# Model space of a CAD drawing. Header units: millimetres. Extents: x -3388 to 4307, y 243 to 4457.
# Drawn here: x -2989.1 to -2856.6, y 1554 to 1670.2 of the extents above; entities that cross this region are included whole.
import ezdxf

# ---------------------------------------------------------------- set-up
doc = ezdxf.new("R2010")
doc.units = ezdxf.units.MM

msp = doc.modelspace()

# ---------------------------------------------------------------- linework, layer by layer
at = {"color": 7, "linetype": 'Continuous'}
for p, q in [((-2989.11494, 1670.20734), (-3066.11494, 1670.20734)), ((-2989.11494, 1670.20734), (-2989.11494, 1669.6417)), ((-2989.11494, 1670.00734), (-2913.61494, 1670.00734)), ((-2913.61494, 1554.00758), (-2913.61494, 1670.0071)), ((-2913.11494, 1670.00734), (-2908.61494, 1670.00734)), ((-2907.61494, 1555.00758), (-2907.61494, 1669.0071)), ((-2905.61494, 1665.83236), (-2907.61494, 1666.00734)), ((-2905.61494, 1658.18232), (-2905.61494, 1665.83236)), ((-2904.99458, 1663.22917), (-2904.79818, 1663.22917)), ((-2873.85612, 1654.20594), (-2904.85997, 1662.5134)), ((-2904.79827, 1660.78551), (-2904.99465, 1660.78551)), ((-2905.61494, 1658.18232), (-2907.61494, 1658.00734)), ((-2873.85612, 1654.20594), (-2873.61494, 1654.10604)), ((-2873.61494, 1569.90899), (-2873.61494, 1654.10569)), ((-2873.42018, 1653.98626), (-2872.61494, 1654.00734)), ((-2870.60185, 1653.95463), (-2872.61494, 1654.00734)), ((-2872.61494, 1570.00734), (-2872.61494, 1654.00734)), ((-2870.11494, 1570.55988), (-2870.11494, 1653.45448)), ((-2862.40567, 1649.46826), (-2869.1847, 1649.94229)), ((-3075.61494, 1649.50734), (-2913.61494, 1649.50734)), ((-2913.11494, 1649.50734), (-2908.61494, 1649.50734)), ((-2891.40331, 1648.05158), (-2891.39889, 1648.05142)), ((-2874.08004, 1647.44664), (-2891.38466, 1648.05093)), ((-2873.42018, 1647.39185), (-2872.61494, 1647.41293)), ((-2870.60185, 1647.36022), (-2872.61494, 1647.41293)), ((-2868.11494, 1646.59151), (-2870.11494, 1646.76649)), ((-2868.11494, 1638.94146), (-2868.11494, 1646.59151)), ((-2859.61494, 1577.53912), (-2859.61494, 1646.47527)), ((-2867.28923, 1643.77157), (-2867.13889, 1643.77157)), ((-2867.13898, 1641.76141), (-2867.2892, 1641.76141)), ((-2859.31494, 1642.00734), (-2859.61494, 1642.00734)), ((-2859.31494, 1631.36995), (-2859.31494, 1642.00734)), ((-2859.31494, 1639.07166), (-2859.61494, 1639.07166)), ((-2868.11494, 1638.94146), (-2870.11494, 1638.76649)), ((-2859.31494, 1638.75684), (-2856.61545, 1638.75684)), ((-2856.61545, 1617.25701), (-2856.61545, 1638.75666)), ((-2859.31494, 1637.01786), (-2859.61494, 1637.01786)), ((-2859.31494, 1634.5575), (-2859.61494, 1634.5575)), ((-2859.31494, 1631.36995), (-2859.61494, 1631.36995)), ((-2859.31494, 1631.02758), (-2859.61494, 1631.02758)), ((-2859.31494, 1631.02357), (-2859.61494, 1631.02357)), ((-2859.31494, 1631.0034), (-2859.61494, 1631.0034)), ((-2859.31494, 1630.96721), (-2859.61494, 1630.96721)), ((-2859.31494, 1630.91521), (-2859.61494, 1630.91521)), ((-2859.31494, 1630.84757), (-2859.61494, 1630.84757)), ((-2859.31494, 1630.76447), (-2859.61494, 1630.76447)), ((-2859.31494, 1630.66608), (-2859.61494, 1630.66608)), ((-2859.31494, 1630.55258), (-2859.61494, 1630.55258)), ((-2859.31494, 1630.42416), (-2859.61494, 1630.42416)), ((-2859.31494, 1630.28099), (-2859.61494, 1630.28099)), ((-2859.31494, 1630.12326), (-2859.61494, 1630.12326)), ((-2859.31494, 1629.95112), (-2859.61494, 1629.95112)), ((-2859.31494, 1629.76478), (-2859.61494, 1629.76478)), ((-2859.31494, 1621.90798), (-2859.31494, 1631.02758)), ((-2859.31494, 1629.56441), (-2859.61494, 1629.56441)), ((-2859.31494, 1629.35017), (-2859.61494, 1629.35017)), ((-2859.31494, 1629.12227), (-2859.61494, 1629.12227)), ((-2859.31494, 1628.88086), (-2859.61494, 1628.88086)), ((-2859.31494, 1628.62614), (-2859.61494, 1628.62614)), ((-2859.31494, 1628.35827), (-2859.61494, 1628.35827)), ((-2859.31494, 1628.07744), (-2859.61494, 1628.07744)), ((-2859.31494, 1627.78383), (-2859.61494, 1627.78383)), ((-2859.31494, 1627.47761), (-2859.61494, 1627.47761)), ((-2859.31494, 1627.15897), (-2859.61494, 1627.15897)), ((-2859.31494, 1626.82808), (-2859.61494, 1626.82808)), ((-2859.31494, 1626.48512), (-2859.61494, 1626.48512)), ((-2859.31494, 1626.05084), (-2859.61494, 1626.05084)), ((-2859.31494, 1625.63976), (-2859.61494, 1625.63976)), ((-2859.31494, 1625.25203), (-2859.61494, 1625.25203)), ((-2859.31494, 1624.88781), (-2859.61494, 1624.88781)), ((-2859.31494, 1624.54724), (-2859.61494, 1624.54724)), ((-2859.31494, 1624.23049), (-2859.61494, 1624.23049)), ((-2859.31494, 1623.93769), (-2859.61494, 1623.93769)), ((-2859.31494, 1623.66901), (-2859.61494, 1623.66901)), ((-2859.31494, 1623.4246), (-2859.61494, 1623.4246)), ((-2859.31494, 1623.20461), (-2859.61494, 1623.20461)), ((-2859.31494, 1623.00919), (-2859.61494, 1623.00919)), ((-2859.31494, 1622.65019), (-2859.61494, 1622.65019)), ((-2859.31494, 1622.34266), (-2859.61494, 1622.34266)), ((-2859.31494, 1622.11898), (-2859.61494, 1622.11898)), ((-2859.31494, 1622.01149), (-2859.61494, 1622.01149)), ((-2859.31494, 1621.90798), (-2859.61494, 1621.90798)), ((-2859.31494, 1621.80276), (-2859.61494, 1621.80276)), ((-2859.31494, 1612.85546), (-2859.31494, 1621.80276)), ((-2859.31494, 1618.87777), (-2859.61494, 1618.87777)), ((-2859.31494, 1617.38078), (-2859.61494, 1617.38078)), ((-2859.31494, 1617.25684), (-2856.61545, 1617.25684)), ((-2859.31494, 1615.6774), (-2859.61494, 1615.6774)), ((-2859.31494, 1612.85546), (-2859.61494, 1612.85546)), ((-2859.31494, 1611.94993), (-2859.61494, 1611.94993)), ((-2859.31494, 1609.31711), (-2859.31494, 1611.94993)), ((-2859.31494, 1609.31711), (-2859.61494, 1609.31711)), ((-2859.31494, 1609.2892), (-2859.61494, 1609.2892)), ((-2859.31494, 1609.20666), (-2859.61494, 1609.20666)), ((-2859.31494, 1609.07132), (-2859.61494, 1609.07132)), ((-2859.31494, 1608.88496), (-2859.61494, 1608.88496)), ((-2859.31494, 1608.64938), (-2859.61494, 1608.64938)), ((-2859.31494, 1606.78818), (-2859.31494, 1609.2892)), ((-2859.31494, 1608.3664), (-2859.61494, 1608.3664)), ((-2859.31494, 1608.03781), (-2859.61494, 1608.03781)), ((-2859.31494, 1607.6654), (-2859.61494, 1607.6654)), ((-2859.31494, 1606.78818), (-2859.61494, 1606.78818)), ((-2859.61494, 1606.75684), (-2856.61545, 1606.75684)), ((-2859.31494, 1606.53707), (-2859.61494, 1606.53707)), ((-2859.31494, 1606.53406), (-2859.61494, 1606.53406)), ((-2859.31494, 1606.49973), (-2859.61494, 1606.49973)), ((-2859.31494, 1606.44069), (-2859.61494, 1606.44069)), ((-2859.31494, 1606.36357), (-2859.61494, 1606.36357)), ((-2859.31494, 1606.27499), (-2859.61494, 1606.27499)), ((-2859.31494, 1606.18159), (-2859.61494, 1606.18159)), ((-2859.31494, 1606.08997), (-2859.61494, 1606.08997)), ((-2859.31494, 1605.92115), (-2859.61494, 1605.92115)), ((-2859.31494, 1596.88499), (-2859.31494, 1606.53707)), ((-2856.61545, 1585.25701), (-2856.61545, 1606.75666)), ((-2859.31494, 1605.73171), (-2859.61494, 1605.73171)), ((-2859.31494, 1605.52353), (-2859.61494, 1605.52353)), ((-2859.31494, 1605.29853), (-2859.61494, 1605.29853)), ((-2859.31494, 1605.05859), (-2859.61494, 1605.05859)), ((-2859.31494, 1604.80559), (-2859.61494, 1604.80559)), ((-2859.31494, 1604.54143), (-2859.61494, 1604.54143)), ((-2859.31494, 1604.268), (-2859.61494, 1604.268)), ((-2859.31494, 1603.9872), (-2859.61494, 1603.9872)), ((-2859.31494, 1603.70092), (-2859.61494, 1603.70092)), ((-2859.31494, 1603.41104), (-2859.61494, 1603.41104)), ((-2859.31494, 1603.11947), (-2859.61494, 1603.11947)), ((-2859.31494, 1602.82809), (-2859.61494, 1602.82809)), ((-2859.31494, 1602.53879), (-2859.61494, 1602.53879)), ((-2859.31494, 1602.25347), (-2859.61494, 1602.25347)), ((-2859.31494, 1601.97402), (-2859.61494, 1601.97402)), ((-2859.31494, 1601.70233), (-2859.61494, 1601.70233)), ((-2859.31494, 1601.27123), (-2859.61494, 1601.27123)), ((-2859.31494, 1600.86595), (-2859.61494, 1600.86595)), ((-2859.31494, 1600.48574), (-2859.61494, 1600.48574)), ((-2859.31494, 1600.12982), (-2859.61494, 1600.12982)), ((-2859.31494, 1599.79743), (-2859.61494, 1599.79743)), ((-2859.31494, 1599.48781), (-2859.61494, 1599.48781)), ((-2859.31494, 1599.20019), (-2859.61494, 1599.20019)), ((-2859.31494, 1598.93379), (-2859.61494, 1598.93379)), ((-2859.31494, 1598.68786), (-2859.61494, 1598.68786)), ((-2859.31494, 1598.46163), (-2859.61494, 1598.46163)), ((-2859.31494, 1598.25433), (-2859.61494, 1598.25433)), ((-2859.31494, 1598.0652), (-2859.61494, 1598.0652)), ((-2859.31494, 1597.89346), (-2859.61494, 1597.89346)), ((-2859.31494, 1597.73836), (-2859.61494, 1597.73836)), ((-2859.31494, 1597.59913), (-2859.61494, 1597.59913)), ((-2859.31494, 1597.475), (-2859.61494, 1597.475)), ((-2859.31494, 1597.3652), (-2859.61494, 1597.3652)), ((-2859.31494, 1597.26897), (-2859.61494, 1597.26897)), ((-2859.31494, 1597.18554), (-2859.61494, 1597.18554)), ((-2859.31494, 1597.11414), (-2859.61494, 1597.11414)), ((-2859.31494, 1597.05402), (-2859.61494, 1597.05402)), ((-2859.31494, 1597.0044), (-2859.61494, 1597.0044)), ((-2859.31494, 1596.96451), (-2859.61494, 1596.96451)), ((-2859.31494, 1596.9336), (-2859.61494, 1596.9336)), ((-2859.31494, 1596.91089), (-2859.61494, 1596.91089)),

What to produce: Scan the records for the string "ezdxf" and report each line where it occurs.

Answer to the exercise:
import ezdxf
doc = ezdxf.new("R2010")
doc.units = ezdxf.units.MM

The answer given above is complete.